Some weeks ago, I wrote about the Nazi SA and promised to follow up with a discussion of the SS (the Schutzstaffel) and the Gestapo (Geheime Staatspolizei).

*

AFTER HITLER CAME TO POWER, Germany became a totalitarian state that used a complex and brutal system of policing to enforce its policies. The SS was soon the lethal head of the entire German police force.

By 1935, an SS officer knocking on the door would strike terror into the heart of any Jewish family.

December 28, 1935

. . . An SS officer was on our front porch. He stood like an apparition dressed in a full, black uniform. The two crooked lightning bolt symbols on his collar glinted in the winter sunlight. He had come to steal Mutti’s piano!

From Edith’s diary, Ashes and Ruins: Love, War, and the Home Front.

Edith’s mother, Clara, also remembers this terrifying visit. She watched in dread as the SS officer ran his fingers over the glossy finish of her beloved grand piano. She remembers how he slapped his riding crop against the leg of his black uniform pants. She would never forget the way he picked up the framed photo of her late husband in two fingers, as if it were trash, and dropped it onto the armchair.

For as long as they remained in Germany, the characters in my novels experience fear whenever they see one of these brutal enforcers. They know that the SS are always harbingers of danger.

The SS was originally established in 1925 to serve as Hitler’s personal bodyguard. By the mid-1930s, they controlled the entire German police apparatus, the concentration camps, and the administration of Nazi racial policy.

The SS was a highly organized paramilitary group that answered only to Hitler. Recruits were screened for racial purity and had to prove their pure Aryan lineage as far back as 1750. This was often difficult but not impossible. German churches kept meticulous birth, marriage, and death records since the 1500s, and from the late 1700s on, German civil authorities also recorded these statistics. Once accepted into the corps, members were indoctrinated until they were ready to do Hitler’s bidding without hesitation or questions.

The SS consisted of several specialized sections. The General SS was responsible for racial policy and policing. Under them, the SS-Totenkopfverbände, known as the “Death’s Head Battalions,” ran the concentration camp system. Their deadly role was evident from the skull and crossbones insignia on their uniform collars. The Gestapo, or Secret Police, created in 1933, was also a sub-division of the General SS.

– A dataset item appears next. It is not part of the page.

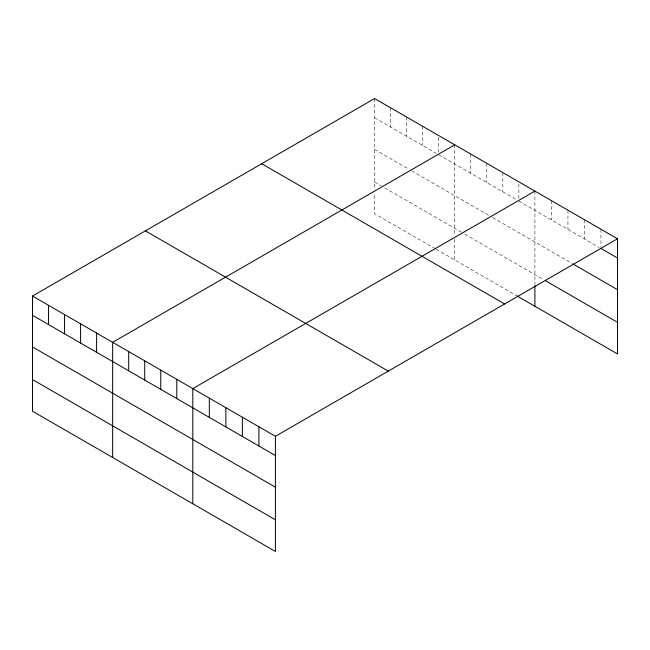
<?xml version="1.0" encoding="UTF-8"?>
<svg xmlns="http://www.w3.org/2000/svg" width="650" height="650" viewBox="0 0 650 650"><rect width="100%" height="100%" fill="white"/><g stroke="black" fill="none" stroke-linecap="round" stroke-linejoin="round"><path stroke-width="0.49" stroke-dasharray="3.25 2.44" d="M374.595 117.788L436.191 153.343M438.726 154.806L516.352 199.623M518.879 201.086L599.243 247.479M374.595 149.435L408.346 168.927M411.726 170.877L489.352 215.694M492.724 217.636L572.293 263.575M374.595 182.049L381.347 185.949M384.719 187.899L461.508 232.229M464.88 234.179L543.603 279.63M435.346 248.779L374.595 213.704L374.595 192.936M436.191 249.267L517.197 296.034M600.982 229.247L600.982 247.471M584.464 219.716L584.464 238.948M567.946 210.178L567.946 229.418M551.428 200.639L551.428 219.879M534.909 191.1L534.909 284.505M518.879 183.877L518.879 199.062M502.848 172.591L502.848 191.831M486.817 163.337L486.817 182.577M470.787 154.082L470.787 173.322M454.756 144.828L454.756 235.259M454.756 239.216L454.756 259.984M438.726 137.597L438.726 152.782M422.695 126.311L422.695 145.551M406.656 117.057L406.656 136.297M390.626 107.803L390.626 127.043M374.595 98.548L374.595 188.979"/><path stroke-width="0.97" d="M32.5 296.051L275.405 436.296L275.405 551.452L32.5 411.214L32.5 296.051L374.595 98.548L617.5 238.786L617.5 353.949L517.197 296.034M454.756 144.828L112.661 342.331L112.661 457.494M534.909 191.1L192.814 388.611L192.814 503.774M275.405 436.296L617.5 238.786M600.982 248.487L617.5 258.026M573.162 264.079L617.5 289.681M545.342 280.629L617.5 322.294M261.706 163.727L504.611 303.964M145.389 230.88L388.294 371.118M32.5 315.291L275.405 455.528M32.5 346.946L275.405 487.183M32.5 379.559L275.405 519.797M534.909 285.488L534.909 306.264M258.887 426.757L258.887 445.997M242.369 417.219L242.369 436.459M225.851 407.68L225.851 426.92M209.332 398.149L209.332 417.389M176.784 379.356L176.784 398.596M160.753 370.102L160.753 389.342M144.722 360.848L144.722 380.079M128.692 351.585L128.692 370.825M96.623 333.076L96.623 352.316M80.592 323.822L80.592 343.062M64.561 314.567L64.561 333.799M48.531 305.313L48.531 324.545"/></g></svg>
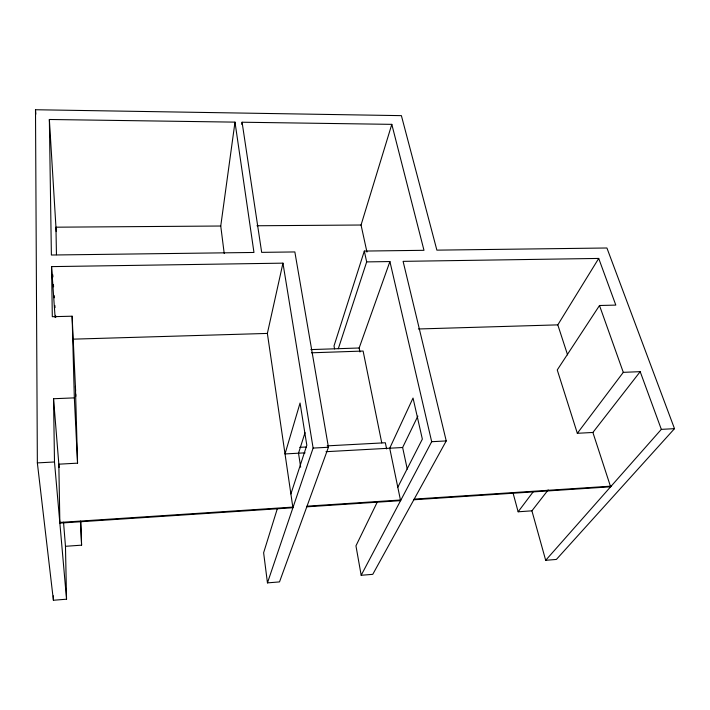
<?xml version="1.0" encoding="UTF-8"?>
<svg xmlns="http://www.w3.org/2000/svg" width="710" height="710" viewBox="0 0 710 710"><rect width="100%" height="100%" fill="white"/><g stroke="black" fill="none" stroke-linecap="round" stroke-linejoin="round"><path stroke-width="1.06" d="M224.218 253.488L220.748 226.02L234.992 122.129L49.354 119.484L51.386 255.023L253.967 252.458L234.992 122.129M241.764 124.41L242.083 122.226L391.805 124.356L423.985 250.311L364.319 251.065L334.019 345.903L334.587 348.947M75.402 386.373L77.55 463.16L58.832 464.18L59.862 523.11L292.911 507.748L267.368 333.425L282.953 263.153L51.564 266.614L52.309 316.695L72.118 316.207L75.606 390.775M366.964 252.094L361.053 225.017L391.805 124.356M277.264 508.901L263.623 552.762L267.457 582.883L279.509 581.907L328.437 447.256L294.854 251.943L261.67 252.361L242.083 122.226M305.034 432.647L298.511 453.202L300.676 467.216M290.887 493.956L306.818 445.241L300.064 403.014L285.021 453.938L305.105 452.838M338.315 348.69L366.671 261.901L364.319 251.065M267.457 582.883L313.119 448.081L282.953 263.153M359.961 351.991L359.154 347.998L389.914 261.555L366.671 261.901M407.265 469.106L402.632 447.504L417.879 416.069M377.276 502.068L355.95 545.848L361.177 575.278L372.768 574.337L446.244 440.928L403.102 261.36L598.716 258.431L615.81 305.096L599.497 305.504L557.252 369.954L577.328 433.295L592.885 432.461L640.189 371.658L661.329 429.364L545.688 560.305L531.914 510.827L548.173 489.927M397.795 487.22L422.352 439.108L413.034 398.026L389.719 448.214L400.573 500.648L306.791 506.825M361.177 575.278L431.68 441.709L389.914 261.555M567.583 354.876L557.803 324.869L598.716 258.431M512.984 492.767L518.131 511.795L533.432 491.506M577.328 433.295L623.291 372.351L640.189 371.658M63.527 522.214L65.471 546.301L66.545 599.196L53.401 600.261L37.355 462.902L35.5 109.739L401.39 115.641L436.881 250.142L606.917 247.994L674.5 428.662L556.391 559.436L545.688 560.305M518.131 511.795L531.914 510.827M65.471 546.301L81.588 545.165L80.913 521.93M59.8 522.436L293.132 507.082M307.031 506.168L400.919 499.982M414.196 499.112L611.177 486.146M413.832 499.769L610.609 486.794L592.885 432.461M325.988 451.693L402.632 447.504M299.735 447.335L306.321 446.989M327.177 445.871L385.352 442.765L386.622 448.942M37.355 462.902L54.492 461.979L53.543 398.736L74.337 397.875L72.118 316.207M313.119 448.081L328.437 447.256M431.68 441.709L446.244 440.928M661.329 429.364L674.5 428.662M310.865 349.595L359.154 347.998M311.521 352.799L363.112 351.051L381.758 442.88M73.21 339.149L267.368 333.425M418.403 328.978L557.803 324.869M220.748 226.02L55.948 227.191L56.454 254.712M256.967 225.762L361.053 225.017M599.497 305.504L623.291 372.351M54.492 461.979L66.545 599.196M53.543 398.736L59.099 467.464M35.5 109.739L35.837 114.168M52.753 274.77L52.904 276.962M53.436 284.648L53.587 286.84M54.191 295.617L54.342 297.81M54.874 305.495L55.025 307.687M55.557 315.364L55.708 317.565M51.564 266.614L55.114 317.503M49.354 119.484L56.223 231.584M74.337 397.875L77.55 463.16M80.407 521.104L81.588 545.165M75.757 394.077L75.864 396.278M53.339 595.832L53.401 600.261"/></g></svg>

Besides finding and arresting those suspected of being enemies of the state, the Gestapo’s job was to stamp out all opposition to Hitler and monitor the German people for loyalty to the Nazi ideal. They used surveillance and informants to locate their victims and notoriously employed extrajudicial arrests and brutal interrogation. The Gestapo was feared by everyone, especially after the war began in 1939.

Heinrich Himmler, as head of the SS, controlled not only the Gestapo but also the Kripo police (criminal division) and the regular uniformed police. Thus, in effect, Himmler was the Chief of Police for all of Nazi Germany. Thus, he brought his ruthless attitude to bear on the entire nation.

Under the leadership of Heinrich Himmler, the SS eventually became the primary engine of the mass murder of Jews, “Gypsies,” and others deemed undesirable, such as homosexuals, Jehovah’s Witness members, mental patients, and the developmentally disabled. Two years into the war, in the last month of 1941, Himmler and his assistant, Reinhard Heydrich, were put in charge of the “Final Solution,” the recently codified Nazi plan to make Europe “Judenfrei” (free of Jews).

Movies and books about the Holocaust have made most of us aware of the role of the General SS, their Death’s Head units, and the Gestapo. What is often forgotten is that not all SS sections were intimately involved in the genocide of Jews.

The SS also included a combat unit, known as the Waffen-SS. These elite military units swore allegiance to Hitler, over and above their loyalty to Germany itself. However, they were soldiers rather than enforcers and murderers. Known as ruthless and tactically skilled on the battlefield, the Waffen-SS fought in France, on the Eastern Front, and in the Battle of the Bulge, mainly in Panzer tank divisions.

“Well, they were real professional soldiers. . . . When I say SS… there is a difference between what they call ‘Waffen-SS’… those were the fighting units in the war. And then there were SS back home who did all the dirty work.“

From an interview with Herman Lang (a Holocaust survivor), 1996

When Clara’s beloved piano was stolen in 1935 by the SS officer, she had no recourse. Surrounded by the Nazi police state, she knew that she and her children could be arrested without any judicial recourse. The slightest resistance would put her at risk of being sent to one of the new concentration camps being constructed around Germany.